The data –
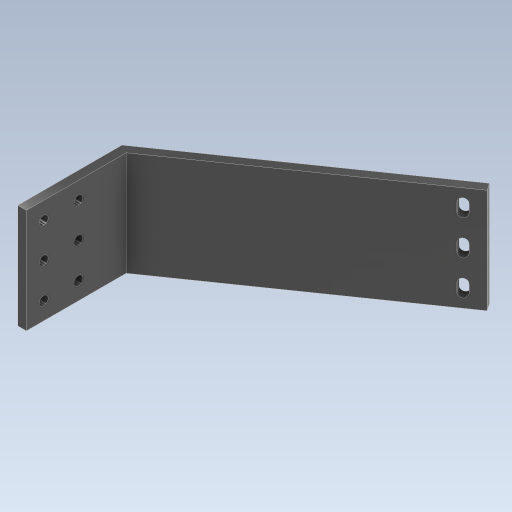
# Autodesk Inventor part: INDX_006_Funnel
Saved by Autodesk Inventor 2024 (Build 280153000, 153)
## iProperties
Created: 2024-08-09
Part Number: INDX_006_Funnel
Material: ABS Plastic
Document SubType Name: Modeling
Designer: Oscar
Density: 1.06 g/cm^3
Appearance: Dark Gray
Author: Oscar
Autodesk Inventor part; units mm, degrees
ref_plane "YZ Plane" through (0, 0, 0) normal (1, 0, 0) x (0, 1, 0)
ref_plane "XZ Plane" through (0, 0, 0) normal (0, 1, 0) x (-1, 0, 0)
ref_plane "XY Plane" through (0, 0, 0) normal (0, 0, 1) x (1, 0, 0)
sketch "Sketch1" plane through (0, 0, 0) normal (0, 1, 0) x (-1, 0, 0)
  line L0 (0, 0) -> (-6.35, 0)
  line L1 (-6.35, 0) -> (-6.35, -76.2)
  line L2 (-6.35, -76.2) -> (0, -76.2)
  line L3 (0, -76.2) -> (0, 0)
  line L4 (-6.35, -72.8797) -> (-161.925, -180.975)
  line L5 (-158.3017, -186.1898) -> (0, -76.2)
  line L6 (-158.3017, -186.1898) -> (-161.925, -180.975)
  point P0 (-6.35, -38.1)
  point P1 (-3.175, -76.2)
  point P2 (-6.35, -6.35)
  dimension "d9" = 6.35
  dimension "d10" = 76.2
  dimension "d30" = 6.35
  dimension "d31" = 6.35
  dimension "d32" = 155.575
  dimension "d33" = 174.625
  dimension "d53" = 6.35
  constraints: 14 end point, 3 parallel, 2 midpoint, 2 perpendicular, 1 horizontal, 1 point on line
  measures "d9" distance of L2.end L1.end
  measures "d10" distance of L1.end L0.end
  measures "d30" distance from line of L3 point (-6.35, -6.35)
  measures "d31" distance from line of L0 point (-6.35, -6.35)
  measures "d32" horizontal distance of point (-6.35, -6.35) L4.end
  measures "d33" vertical distance of point (-6.35, -6.35) L4.end
  measures "d53" distance between parallel lines of L5 L4
extrude "Extrusion1" add sketch "Sketch1" along normal blind 76.2
sketch "Sketch2" plane through (0, 0, -76.2) normal (-1, 0, 0) x (0, 0, 1)
  circle A0 centre (63.5, 12.7) radius 3.2639
  circle A1 centre (63.5, 38.1) radius 3.2639
  circle A2 centre (63.5, 63.5) radius 3.2639
  line L0 (0, 0) -> (0, 76.2) projected
  line L1 (0, 0) -> (76.2, 0) projected
  line L2 (76.2, 0) -> (76.2, 76.2) projected
  circle A3 centre (38.1, 63.5) radius 3.2639
  circle A4 centre (38.1, 38.1) radius 3.2639
  circle A5 centre (38.1, 12.7) radius 3.2639
  dimension "d18" = 6.5278
  dimension "d19" = 25.4
  dimension "d21" = 25.4
  dimension "d22" = 12.7
  dimension "d34" = 12.7
  dimension "d35" = 25.4
  dimension "d36" = 25.4
  dimension "d38" = 25.4
  constraints: 6 centre point, 5 equal radius, 4 vertical alignment, 1 horizontal alignment
  measures "d18" diameter of A0
  measures "d19" distance of A2.centre A1.centre
  measures "d21" distance of A1.centre A0.centre
  measures "d22" distance from line of L1 A0.centre
  measures "d34" distance from line of L2 A1.centre
  measures "d35" distance of A4.centre A5.centre
  measures "d36" distance of A3.centre A4.centre
  measures "d38" distance of A4.centre A1.centre
extrude "Extrusion2" cut sketch "Sketch2" against normal through all
sketch "Sketch4" plane through (161.925, 0, -180.975) normal (0.5706, 0, 0.8212) x (0.8212, 0, -0.5706)
  arc A0 (-9.525, 66.675) -> (-15.875, 66.675) centre (-12.7, 66.675) ccw
  arc A1 (-15.875, 60.325) -> (-9.525, 60.325) centre (-12.7, 60.325) ccw
  line L0 (-12.7, 76.4683) -> (-12.7, 0) construction
  line L1 (-189.4417, 0) -> (0, 0) construction
  line L2 (0, 0) -> (0, 76.2) construction
  line L3 (-15.875, 66.675) -> (-15.875, 60.325)
  line L4 (-9.525, 66.675) -> (-9.525, 60.325)
  arc A2 (-9.525, 41.275) -> (-15.875, 41.275) centre (-12.7, 41.275) ccw
  line L5 (-15.875, 41.275) -> (-15.875, 34.925)
  line L6 (-9.525, 41.275) -> (-9.525, 34.925)
  arc A3 (-15.875, 34.925) -> (-9.525, 34.925) centre (-12.7, 34.925) ccw
  arc A4 (-9.525, 15.875) -> (-15.875, 15.875) centre (-12.7, 15.875) ccw
  line L7 (-15.875, 15.875) -> (-15.875, 9.525)
  line L8 (-9.525, 15.875) -> (-9.525, 9.525)
  arc A5 (-15.875, 9.525) -> (-9.525, 9.525) centre (-12.7, 9.525) ccw
  point P0 (-236.2416, 0)
  point P1 (-182.3346, 0)
  point P2 (-9.525, 63.5)
  point P3 (-9.525, 38.1)
  point P4 (-9.525, 12.7)
  dimension "d39" = 6.35
  dimension "d40" = 6.35
  dimension "d41" = 6.35
  dimension "d42" = 12.7
  dimension "d43" = 63.5
  dimension "d46" = 25.4
  constraints: 14 end point, 12 point on circle, 6 centre point, 3 vertical, 2 point on line, 2 tangent, 1 midpoint, 1 parallel, 1 vertical alignment, 22 other
  measures "d39" diameter of A0
  measures "d40" diameter of A1
  measures "d41" distance of A0.centre A1.centre
  measures "d42" distance between parallel lines of L2 L0
  measures "d43" distance from line of L1 point (-9.525, 63.5)
  measures "d46" distance of A0.centre A2.centre
extrude "Extrusion3" cut sketch "Sketch4" against normal through all
body "Solid1"

Description of the task –
Looking at the data above, write out exactly the lines that start at the one containing "of A4.centre A5.centre" and end at the one containing "line L3 (-15.875, 66.675)"; include both and nothing beyond.

Reply –
  measures "d35" distance of A4.centre A5.centre
  measures "d36" distance of A3.centre A4.centre
  measures "d38" distance of A4.centre A1.centre
extrude "Extrusion2" cut sketch "Sketch2" against normal through all
sketch "Sketch4" plane through (161.925, 0, -180.975) normal (0.5706, 0, 0.8212) x (0.8212, 0, -0.5706)
  arc A0 (-9.525, 66.675) -> (-15.875, 66.675) centre (-12.7, 66.675) ccw
  arc A1 (-15.875, 60.325) -> (-9.525, 60.325) centre (-12.7, 60.325) ccw
  line L0 (-12.7, 76.4683) -> (-12.7, 0) construction
  line L1 (-189.4417, 0) -> (0, 0) construction
  line L2 (0, 0) -> (0, 76.2) construction
  line L3 (-15.875, 66.675) -> (-15.875, 60.325)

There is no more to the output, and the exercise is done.